Search code examples
pythonencodingendiannessutf-16

What is this hexadecimal in the utf16 format?


print(bytes('ba', 'utf-16'))

Result :

b'\xff\xfeb\x00a\x00'

I understand utf-16 means every character will take 16 bits means 00000000 00000000 in binary and i understand there are 16 bits here x00a means x00 = 00000000 and a = 01000001 so both gives x00a it is clear to my mind like this but here is the confusion:

\xff\xfeb

1 - What is this ?????????

2 - Why fe ??? it should be x00

i have read a lot of wikipedia articles but it is still not clear


Solution

  • You have,

    b'\xff\xfeb\x00a\x00'
    

    This is what you asked for, it has three characters.

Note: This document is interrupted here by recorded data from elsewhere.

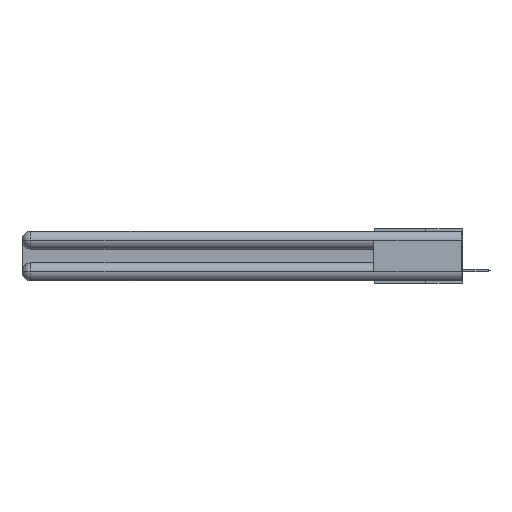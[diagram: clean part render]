
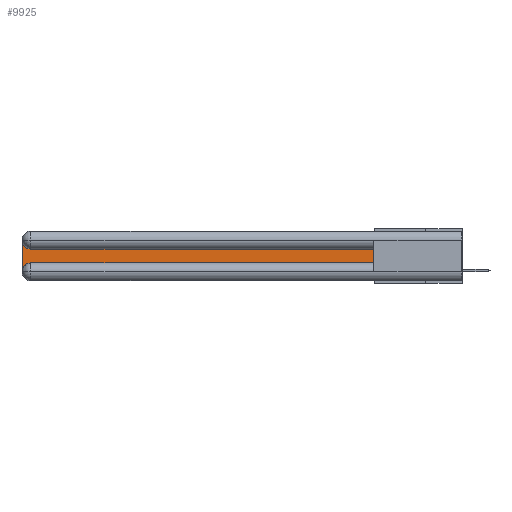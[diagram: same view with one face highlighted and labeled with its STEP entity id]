
A CAD part, left-side view. The second image highlights one B-rep face of the part: STEP entity #9925.
In plain terms, the highlighted planar face has unit normal (-1, 0, 0).
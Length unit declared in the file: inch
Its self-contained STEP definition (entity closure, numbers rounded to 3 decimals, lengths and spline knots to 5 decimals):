
#3 = CARTESIAN_POINT ( 'NONE',  ( 0.075, 0.6, -0.2175 ) ) ;
#54 = AXIS2_PLACEMENT_3D ( 'NONE', #11819, #22792, #11908 ) ;
#409 = VERTEX_POINT ( 'NONE', #23677 ) ;
#1465 = VERTEX_POINT ( 'NONE', #23820 ) ;
#1865 = DIRECTION ( 'NONE',  ( 1., 0., 0. ) ) ;
#2348 = DIRECTION ( 'NONE',  ( 0., 0., -1. ) ) ;
#2607 = CARTESIAN_POINT ( 'NONE',  ( 0.075, 0.6, -0.1225 ) ) ;
#2619 = CARTESIAN_POINT ( 'NONE',  ( 0.075, 3., -0.2175 ) ) ;
#2765 = VERTEX_POINT ( 'NONE', #22423 ) ;
#3938 = LINE ( 'NONE', #3, #14669 ) ;
#4420 = DIRECTION ( 'NONE',  ( 0., 0., -1. ) ) ;
#4511 = LINE ( 'NONE', #2619, #20907 ) ;
#4670 = EDGE_LOOP ( 'NONE', ( #22950, #12416, #15662, #22571, #6470, #21460 ) ) ;
#4826 = FACE_OUTER_BOUND ( 'NONE', #4670, .T. ) ;
#6470 = ORIENTED_EDGE ( 'NONE', *, *, #12392, .T. ) ;
#7705 = CARTESIAN_POINT ( 'NONE',  ( 0.075, 3., -0.0625 ) ) ;
#8161 = AXIS2_PLACEMENT_3D ( 'NONE', #11615, #9745, #13647 ) ;
#8578 = VERTEX_POINT ( 'NONE', #11798 ) ;
#8885 = DIRECTION ( 'NONE',  ( 0., -1., 0. ) ) ;
#9348 = CIRCLE ( 'NONE', #8161, 0.06 ) ;
#9745 = DIRECTION ( 'NONE',  ( 1., 0., 0. ) ) ;
#9760 = EDGE_CURVE ( 'NONE', #24603, #2765, #4511, .T. ) ;
#9925 = ADVANCED_FACE ( 'NONE', ( #4826 ), #11995, .F. ) ;
#10812 = DIRECTION ( 'NONE',  ( 0., 1., 0. ) ) ;
#11368 = VECTOR ( 'NONE', #8885, 39.37008 ) ;
#11615 = CARTESIAN_POINT ( 'NONE',  ( 0.075, 2.94, -0.0625 ) ) ;
#11798 = CARTESIAN_POINT ( 'NONE',  ( 0.075, 0.6, -0.2175 ) ) ;
#11819 = CARTESIAN_POINT ( 'NONE',  ( 0.075, 3., -0.1225 ) ) ;
#11908 = DIRECTION ( 'NONE',  ( 0., 0., -1. ) ) ;
#11995 = PLANE ( 'NONE',  #54 ) ;
#12392 = EDGE_CURVE ( 'NONE', #13520, #8578, #24397, .T. ) ;
#12416 = ORIENTED_EDGE ( 'NONE', *, *, #19778, .T. ) ;
#13520 = VERTEX_POINT ( 'NONE', #21201 ) ;
#13647 = DIRECTION ( 'NONE',  ( 0., 0., -1. ) ) ;
#14669 = VECTOR ( 'NONE', #19420, 39.37008 ) ;
#14935 = AXIS2_PLACEMENT_3D ( 'NONE', #23272, #1865, #4420 ) ;
#15662 = ORIENTED_EDGE ( 'NONE', *, *, #9760, .T. ) ;
#19420 = DIRECTION ( 'NONE',  ( 0., 0., 1. ) ) ;
#19778 = EDGE_CURVE ( 'NONE', #409, #24603, #9348, .T. ) ;
#19949 = VECTOR ( 'NONE', #10812, 39.37008 ) ;
#20347 = EDGE_CURVE ( 'NONE', #2765, #13520, #25743, .T. ) ;
#20614 = LINE ( 'NONE', #2607, #19949 ) ;
#20907 = VECTOR ( 'NONE', #2348, 39.37008 ) ;
#21201 = CARTESIAN_POINT ( 'NONE',  ( 0.075, 2.94, -0.2175 ) ) ;
#21329 = EDGE_CURVE ( 'NONE', #1465, #409, #20614, .T. ) ;
#21460 = ORIENTED_EDGE ( 'NONE', *, *, #24987, .T. ) ;
#21702 = CARTESIAN_POINT ( 'NONE',  ( 0.075, 0.6, -0.2175 ) ) ;
#22423 = CARTESIAN_POINT ( 'NONE',  ( 0.075, 3., -0.2775 ) ) ;
#22571 = ORIENTED_EDGE ( 'NONE', *, *, #20347, .T. ) ;
#22792 = DIRECTION ( 'NONE',  ( 1., 0., 0. ) ) ;
#22950 = ORIENTED_EDGE ( 'NONE', *, *, #21329, .T. ) ;
#23272 = CARTESIAN_POINT ( 'NONE',  ( 0.075, 2.94, -0.2775 ) ) ;
#23677 = CARTESIAN_POINT ( 'NONE',  ( 0.075, 2.94, -0.1225 ) ) ;
#23820 = CARTESIAN_POINT ( 'NONE',  ( 0.075, 0.6, -0.1225 ) ) ;
#24397 = LINE ( 'NONE', #21702, #11368 ) ;
#24603 = VERTEX_POINT ( 'NONE', #7705 ) ;
#24987 = EDGE_CURVE ( 'NONE', #8578, #1465, #3938, .T. ) ;
#25743 = CIRCLE ( 'NONE', #14935, 0.06 ) ;
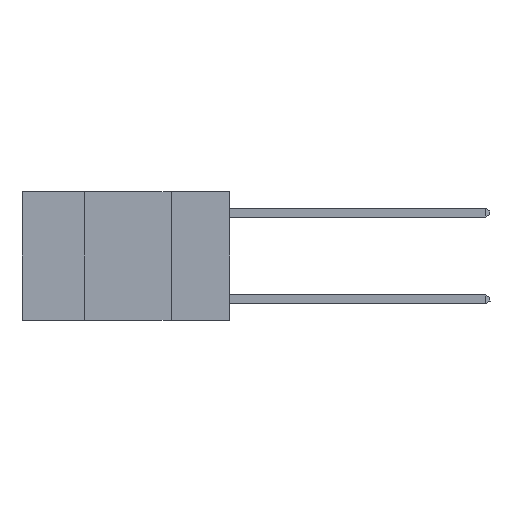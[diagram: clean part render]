
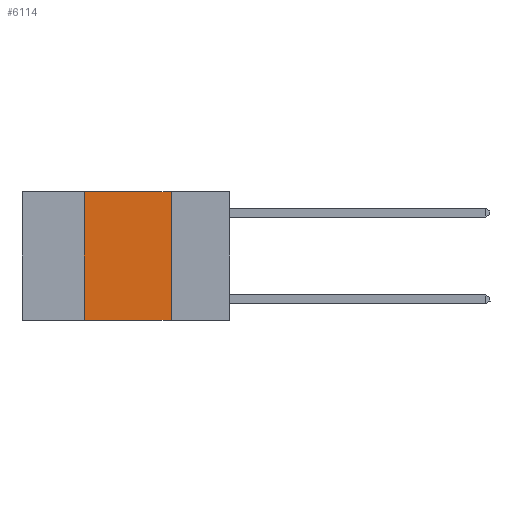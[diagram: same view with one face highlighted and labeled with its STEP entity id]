
A CAD part, left-side view. The second image highlights one B-rep face of the part: STEP entity #6114.
In plain terms, the highlighted planar face has unit normal (-1, 0, 0).
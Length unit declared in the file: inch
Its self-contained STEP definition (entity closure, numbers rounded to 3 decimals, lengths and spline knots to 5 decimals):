
#608 = LINE ( 'NONE', #10877, #2931 ) ;
#725 = CARTESIAN_POINT ( 'NONE',  ( 0., 0.17, -0.37 ) ) ;
#938 = VERTEX_POINT ( 'NONE', #5609 ) ;
#1554 = VECTOR ( 'NONE', #9378, 39.37008 ) ;
#1726 = CARTESIAN_POINT ( 'NONE',  ( 0., 0.42, 0. ) ) ;
#1757 = DIRECTION ( 'NONE',  ( 1., 0., 0. ) ) ;
#1810 = ORIENTED_EDGE ( 'NONE', *, *, #10188, .F. ) ;
#2050 = LINE ( 'NONE', #8477, #10518 ) ;
#2066 = CARTESIAN_POINT ( 'NONE',  ( 0., 0.17, 0. ) ) ;
#2215 = AXIS2_PLACEMENT_3D ( 'NONE', #5164, #1757, #7748 ) ;
#2454 = DIRECTION ( 'NONE',  ( 0., 0., -1. ) ) ;
#2530 = DIRECTION ( 'NONE',  ( 0., -1., 0. ) ) ;
#2931 = VECTOR ( 'NONE', #5023, 39.37008 ) ;
#2938 = ORIENTED_EDGE ( 'NONE', *, *, #8533, .F. ) ;
#2978 = VERTEX_POINT ( 'NONE', #725 ) ;
#4461 = ORIENTED_EDGE ( 'NONE', *, *, #10249, .F. ) ;
#5023 = DIRECTION ( 'NONE',  ( 0., -1., 0. ) ) ;
#5164 = CARTESIAN_POINT ( 'NONE',  ( 0., 0.6, 0. ) ) ;
#5609 = CARTESIAN_POINT ( 'NONE',  ( 0., 0.42, 0. ) ) ;
#6114 = ADVANCED_FACE ( 'NONE', ( #8543 ), #6874, .F. ) ;
#6367 = LINE ( 'NONE', #1726, #1554 ) ;
#6874 = PLANE ( 'NONE',  #2215 ) ;
#7139 = LINE ( 'NONE', #8410, #9111 ) ;
#7165 = VERTEX_POINT ( 'NONE', #9855 ) ;
#7748 = DIRECTION ( 'NONE',  ( 0., 0., -1. ) ) ;
#7986 = EDGE_CURVE ( 'NONE', #7165, #2978, #608, .T. ) ;
#8151 = ORIENTED_EDGE ( 'NONE', *, *, #7986, .T. ) ;
#8410 = CARTESIAN_POINT ( 'NONE',  ( 0., 0.17, 0. ) ) ;
#8477 = CARTESIAN_POINT ( 'NONE',  ( 0., 0.6, 0. ) ) ;
#8533 = EDGE_CURVE ( 'NONE', #7165, #938, #6367, .T. ) ;
#8543 = FACE_OUTER_BOUND ( 'NONE', #10045, .T. ) ;
#8760 = VERTEX_POINT ( 'NONE', #2066 ) ;
#9111 = VECTOR ( 'NONE', #2454, 39.37008 ) ;
#9378 = DIRECTION ( 'NONE',  ( 0., 0., 1. ) ) ;
#9855 = CARTESIAN_POINT ( 'NONE',  ( 0., 0.42, -0.37 ) ) ;
#10045 = EDGE_LOOP ( 'NONE', ( #1810, #4461, #2938, #8151 ) ) ;
#10188 = EDGE_CURVE ( 'NONE', #8760, #2978, #7139, .T. ) ;
#10249 = EDGE_CURVE ( 'NONE', #938, #8760, #2050, .T. ) ;
#10518 = VECTOR ( 'NONE', #2530, 39.37008 ) ;
#10877 = CARTESIAN_POINT ( 'NONE',  ( 0., 0.6, -0.37 ) ) ;
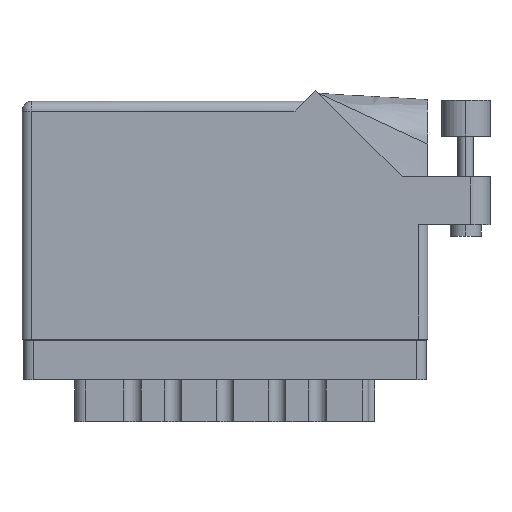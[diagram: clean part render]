
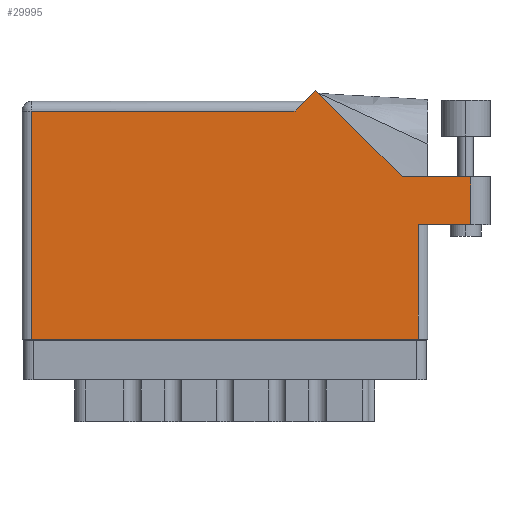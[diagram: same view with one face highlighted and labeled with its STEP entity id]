
A CAD part, front view. The second image highlights one B-rep face of the part: STEP entity #29995.
In plain terms, the highlighted face is planar.
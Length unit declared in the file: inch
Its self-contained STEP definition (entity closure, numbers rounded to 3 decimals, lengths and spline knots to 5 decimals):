
#50 = EDGE_CURVE ( 'NONE', #861, #7636, #42024, .T. ) ;
#249 = VECTOR ( 'NONE', #8131, 39.37008 ) ;
#861 = VERTEX_POINT ( 'NONE', #42348 ) ;
#1576 = DIRECTION ( 'NONE',  ( -0.707, -0.707, 0. ) ) ;
#1802 = CARTESIAN_POINT ( 'NONE',  ( 0.062, 1.468, 0. ) ) ;
#2515 = LINE ( 'NONE', #19413, #9093 ) ;
#3708 = DIRECTION ( 'NONE',  ( -1., 0., 0. ) ) ;
#4006 = CARTESIAN_POINT ( 'NONE',  ( 2.887, 0.737, 0. ) ) ;
#4476 = CARTESIAN_POINT ( 'NONE',  ( 2.44642, 1.044, 0. ) ) ;
#5727 = FACE_OUTER_BOUND ( 'NONE', #40813, .T. ) ;
#6197 = VERTEX_POINT ( 'NONE', #7866 ) ;
#6866 = CARTESIAN_POINT ( 'NONE',  ( 3.012, 1.044, 0. ) ) ;
#7542 = CARTESIAN_POINT ( 'NONE',  ( 0., 0., 0. ) ) ;
#7636 = VERTEX_POINT ( 'NONE', #4476 ) ;
#7866 = CARTESIAN_POINT ( 'NONE',  ( 1.88971, 1.60071, 0. ) ) ;
#8131 = DIRECTION ( 'NONE',  ( 0., 1., 0. ) ) ;
#8882 = EDGE_CURVE ( 'NONE', #7636, #6197, #21675, .T. ) ;
#9093 = VECTOR ( 'NONE', #11384, 39.37008 ) ;
#9491 = VECTOR ( 'NONE', #32491, 39.37008 ) ;
#10114 = LINE ( 'NONE', #27763, #26837 ) ;
#10145 = DIRECTION ( 'NONE',  ( -0.707, 0.707, 0. ) ) ;
#11092 = ORIENTED_EDGE ( 'NONE', *, *, #30577, .T. ) ;
#11231 = VERTEX_POINT ( 'NONE', #1802 ) ;
#11384 = DIRECTION ( 'NONE',  ( -1., 0., 0. ) ) ;
#11830 = CARTESIAN_POINT ( 'NONE',  ( 0.062, 0., 0. ) ) ;
#13136 = CARTESIAN_POINT ( 'NONE',  ( 2.887, 1.044, 0. ) ) ;
#13839 = CARTESIAN_POINT ( 'NONE',  ( 2.44642, 1.044, 0. ) ) ;
#14419 = ORIENTED_EDGE ( 'NONE', *, *, #50, .T. ) ;
#15125 = VERTEX_POINT ( 'NONE', #11830 ) ;
#15135 = EDGE_CURVE ( 'NONE', #42957, #32394, #38885, .T. ) ;
#16830 = CARTESIAN_POINT ( 'NONE',  ( 1.819, 1.53, 0. ) ) ;
#17448 = AXIS2_PLACEMENT_3D ( 'NONE', #46282, #38274, #3708 ) ;
#19127 = LINE ( 'NONE', #16830, #32270 ) ;
#19413 = CARTESIAN_POINT ( 'NONE',  ( 0., 1.468, 0. ) ) ;
#21675 = LINE ( 'NONE', #13839, #31282 ) ;
#22242 = DIRECTION ( 'NONE',  ( -1., 0., 0. ) ) ;
#23591 = LINE ( 'NONE', #31029, #249 ) ;
#24528 = ORIENTED_EDGE ( 'NONE', *, *, #31430, .T. ) ;
#26232 = LINE ( 'NONE', #13136, #9491 ) ;
#26682 = DIRECTION ( 'NONE',  ( 1., 0., 0. ) ) ;
#26837 = VECTOR ( 'NONE', #47472, 39.37008 ) ;
#27763 = CARTESIAN_POINT ( 'NONE',  ( 0.062, 0., 0. ) ) ;
#29548 = VERTEX_POINT ( 'NONE', #35175 ) ;
#29995 = ADVANCED_FACE ( 'NONE', ( #5727 ), #30605, .F. ) ;
#30127 = EDGE_CURVE ( 'NONE', #15125, #29548, #40955, .T. ) ;
#30577 = EDGE_CURVE ( 'NONE', #29548, #42957, #23591, .T. ) ;
#30605 = PLANE ( 'NONE',  #17448 ) ;
#30808 = VECTOR ( 'NONE', #35605, 39.37008 ) ;
#31029 = CARTESIAN_POINT ( 'NONE',  ( 2.55, 0.737, 0. ) ) ;
#31282 = VECTOR ( 'NONE', #10145, 39.37008 ) ;
#31430 = EDGE_CURVE ( 'NONE', #6197, #43458, #19127, .T. ) ;
#32157 = ORIENTED_EDGE ( 'NONE', *, *, #30127, .T. ) ;
#32270 = VECTOR ( 'NONE', #1576, 39.37008 ) ;
#32394 = VERTEX_POINT ( 'NONE', #4006 ) ;
#32491 = DIRECTION ( 'NONE',  ( 0., 1., 0. ) ) ;
#32542 = ORIENTED_EDGE ( 'NONE', *, *, #8882, .T. ) ;
#35175 = CARTESIAN_POINT ( 'NONE',  ( 2.55, 0., 0. ) ) ;
#35605 = DIRECTION ( 'NONE',  ( 1., 0., 0. ) ) ;
#38274 = DIRECTION ( 'NONE',  ( 0., 0., -1. ) ) ;
#38885 = LINE ( 'NONE', #45725, #43647 ) ;
#39687 = CARTESIAN_POINT ( 'NONE',  ( 1.757, 1.468, 0. ) ) ;
#39692 = EDGE_CURVE ( 'NONE', #43458, #11231, #2515, .T. ) ;
#40713 = ORIENTED_EDGE ( 'NONE', *, *, #15135, .T. ) ;
#40745 = CARTESIAN_POINT ( 'NONE',  ( 2.55, 0.737, 0. ) ) ;
#40813 = EDGE_LOOP ( 'NONE', ( #40713, #44682, #14419, #32542, #24528, #43863, #42515, #32157, #11092 ) ) ;
#40955 = LINE ( 'NONE', #7542, #30808 ) ;
#42024 = LINE ( 'NONE', #6866, #47405 ) ;
#42348 = CARTESIAN_POINT ( 'NONE',  ( 2.887, 1.044, 0. ) ) ;
#42515 = ORIENTED_EDGE ( 'NONE', *, *, #45695, .T. ) ;
#42957 = VERTEX_POINT ( 'NONE', #40745 ) ;
#43458 = VERTEX_POINT ( 'NONE', #39687 ) ;
#43647 = VECTOR ( 'NONE', #26682, 39.37008 ) ;
#43863 = ORIENTED_EDGE ( 'NONE', *, *, #39692, .T. ) ;
#44682 = ORIENTED_EDGE ( 'NONE', *, *, #46810, .T. ) ;
#45695 = EDGE_CURVE ( 'NONE', #11231, #15125, #10114, .T. ) ;
#45725 = CARTESIAN_POINT ( 'NONE',  ( 2.612, 0.737, 0. ) ) ;
#46282 = CARTESIAN_POINT ( 'NONE',  ( 0., 1.53, 0. ) ) ;
#46810 = EDGE_CURVE ( 'NONE', #32394, #861, #26232, .T. ) ;
#47405 = VECTOR ( 'NONE', #22242, 39.37008 ) ;
#47472 = DIRECTION ( 'NONE',  ( 0., -1., 0. ) ) ;
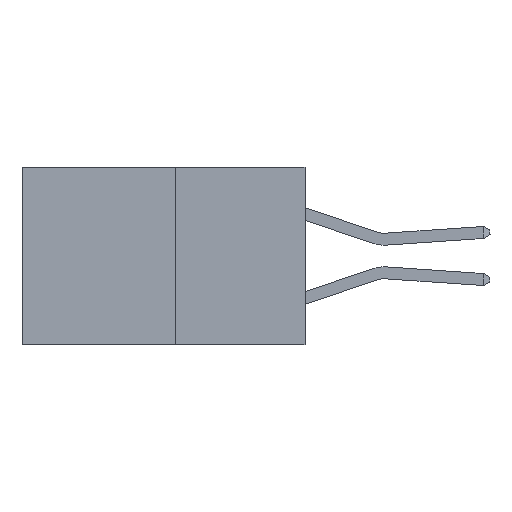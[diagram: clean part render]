
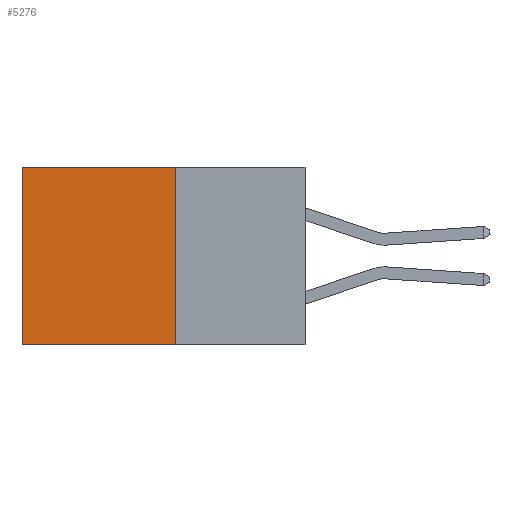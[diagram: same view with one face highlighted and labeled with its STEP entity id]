
A CAD part, left-side view. The second image highlights one B-rep face of the part: STEP entity #5276.
In plain terms, the highlighted planar face has unit normal (-1, 0, 0).
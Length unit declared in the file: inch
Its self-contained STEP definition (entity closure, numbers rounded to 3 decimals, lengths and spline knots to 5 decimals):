
#5 = VECTOR ( 'NONE', #10181, 39.37008 ) ;
#324 = LINE ( 'NONE', #1412, #5 ) ;
#1017 = DIRECTION ( 'NONE',  ( 0., 1., 0. ) ) ;
#1090 = PLANE ( 'NONE',  #9864 ) ;
#1412 = CARTESIAN_POINT ( 'NONE',  ( 0.277, 0.27, -0.37 ) ) ;
#1476 = ORIENTED_EDGE ( 'NONE', *, *, #2399, .F. ) ;
#1872 = EDGE_CURVE ( 'NONE', #4158, #7857, #324, .T. ) ;
#2226 = EDGE_CURVE ( 'NONE', #9602, #6699, #8239, .T. ) ;
#2399 = EDGE_CURVE ( 'NONE', #9602, #4158, #10213, .T. ) ;
#3736 = ORIENTED_EDGE ( 'NONE', *, *, #4969, .T. ) ;
#3822 = DIRECTION ( 'NONE',  ( 1., 0., 0. ) ) ;
#4052 = EDGE_LOOP ( 'NONE', ( #3736, #9757, #1476, #4108 ) ) ;
#4108 = ORIENTED_EDGE ( 'NONE', *, *, #2226, .T. ) ;
#4148 = DIRECTION ( 'NONE',  ( 0., 0., -1. ) ) ;
#4158 = VERTEX_POINT ( 'NONE', #9808 ) ;
#4306 = CARTESIAN_POINT ( 'NONE',  ( 0.277, 0.59, -0.37 ) ) ;
#4349 = VECTOR ( 'NONE', #4148, 39.37008 ) ;
#4736 = CARTESIAN_POINT ( 'NONE',  ( 0.277, 0.59, -0.37 ) ) ;
#4969 = EDGE_CURVE ( 'NONE', #6699, #7857, #6971, .T. ) ;
#5276 = ADVANCED_FACE ( 'NONE', ( #7333 ), #1090, .F. ) ;
#6699 = VERTEX_POINT ( 'NONE', #6941 ) ;
#6941 = CARTESIAN_POINT ( 'NONE',  ( 0.277, 0.59, 0. ) ) ;
#6971 = LINE ( 'NONE', #4306, #9067 ) ;
#7333 = FACE_OUTER_BOUND ( 'NONE', #4052, .T. ) ;
#7857 = VERTEX_POINT ( 'NONE', #4736 ) ;
#7945 = CARTESIAN_POINT ( 'NONE',  ( 0.277, 0.27, 0. ) ) ;
#7986 = VECTOR ( 'NONE', #1017, 39.37008 ) ;
#8162 = DIRECTION ( 'NONE',  ( 0., 0., -1. ) ) ;
#8239 = LINE ( 'NONE', #8383, #7986 ) ;
#8383 = CARTESIAN_POINT ( 'NONE',  ( 0.277, 0.27, 0. ) ) ;
#8481 = CARTESIAN_POINT ( 'NONE',  ( 0.277, 0.27, -0.37 ) ) ;
#8799 = CARTESIAN_POINT ( 'NONE',  ( 0.277, 0.27, -0.37 ) ) ;
#9067 = VECTOR ( 'NONE', #8162, 39.37008 ) ;
#9266 = DIRECTION ( 'NONE',  ( 0., 0., -1. ) ) ;
#9602 = VERTEX_POINT ( 'NONE', #7945 ) ;
#9757 = ORIENTED_EDGE ( 'NONE', *, *, #1872, .F. ) ;
#9808 = CARTESIAN_POINT ( 'NONE',  ( 0.277, 0.27, -0.37 ) ) ;
#9864 = AXIS2_PLACEMENT_3D ( 'NONE', #8481, #3822, #9266 ) ;
#10181 = DIRECTION ( 'NONE',  ( 0., 1., 0. ) ) ;
#10213 = LINE ( 'NONE', #8799, #4349 ) ;

    b'\xff\xfe' # 0xff 0xfe
    b'b\x00'    # 0x62 0x00
    b'a\x00'    # 0x61 0x00
    

    The first is U+FEFF (byte order mark), the second is U+0062 (b), and the third is U+0061 (a). The byte order mark is there to distinguish between little-endian UTF-16 and big-endian UTF-16. It is normal to find a BOM at the beginning of a UTF-16 document.

    It is just confusing to read because the 'b' and 'a' look like they're hexadecimal digits, but they're not.

    If you don't want the BOM, you can use utf-16le or utf-16be.

    >>> bytes('ba', 'utf-16le')
    b'b\x00a\x00'
    >>> bytes('ba', 'utf-16be')
    b'\x00b\x00a'
    

    The problem is that you can get some garbage if you decode as the wrong one. If you use UTF-16 with BOM, you're more likely to get the right result when decoding.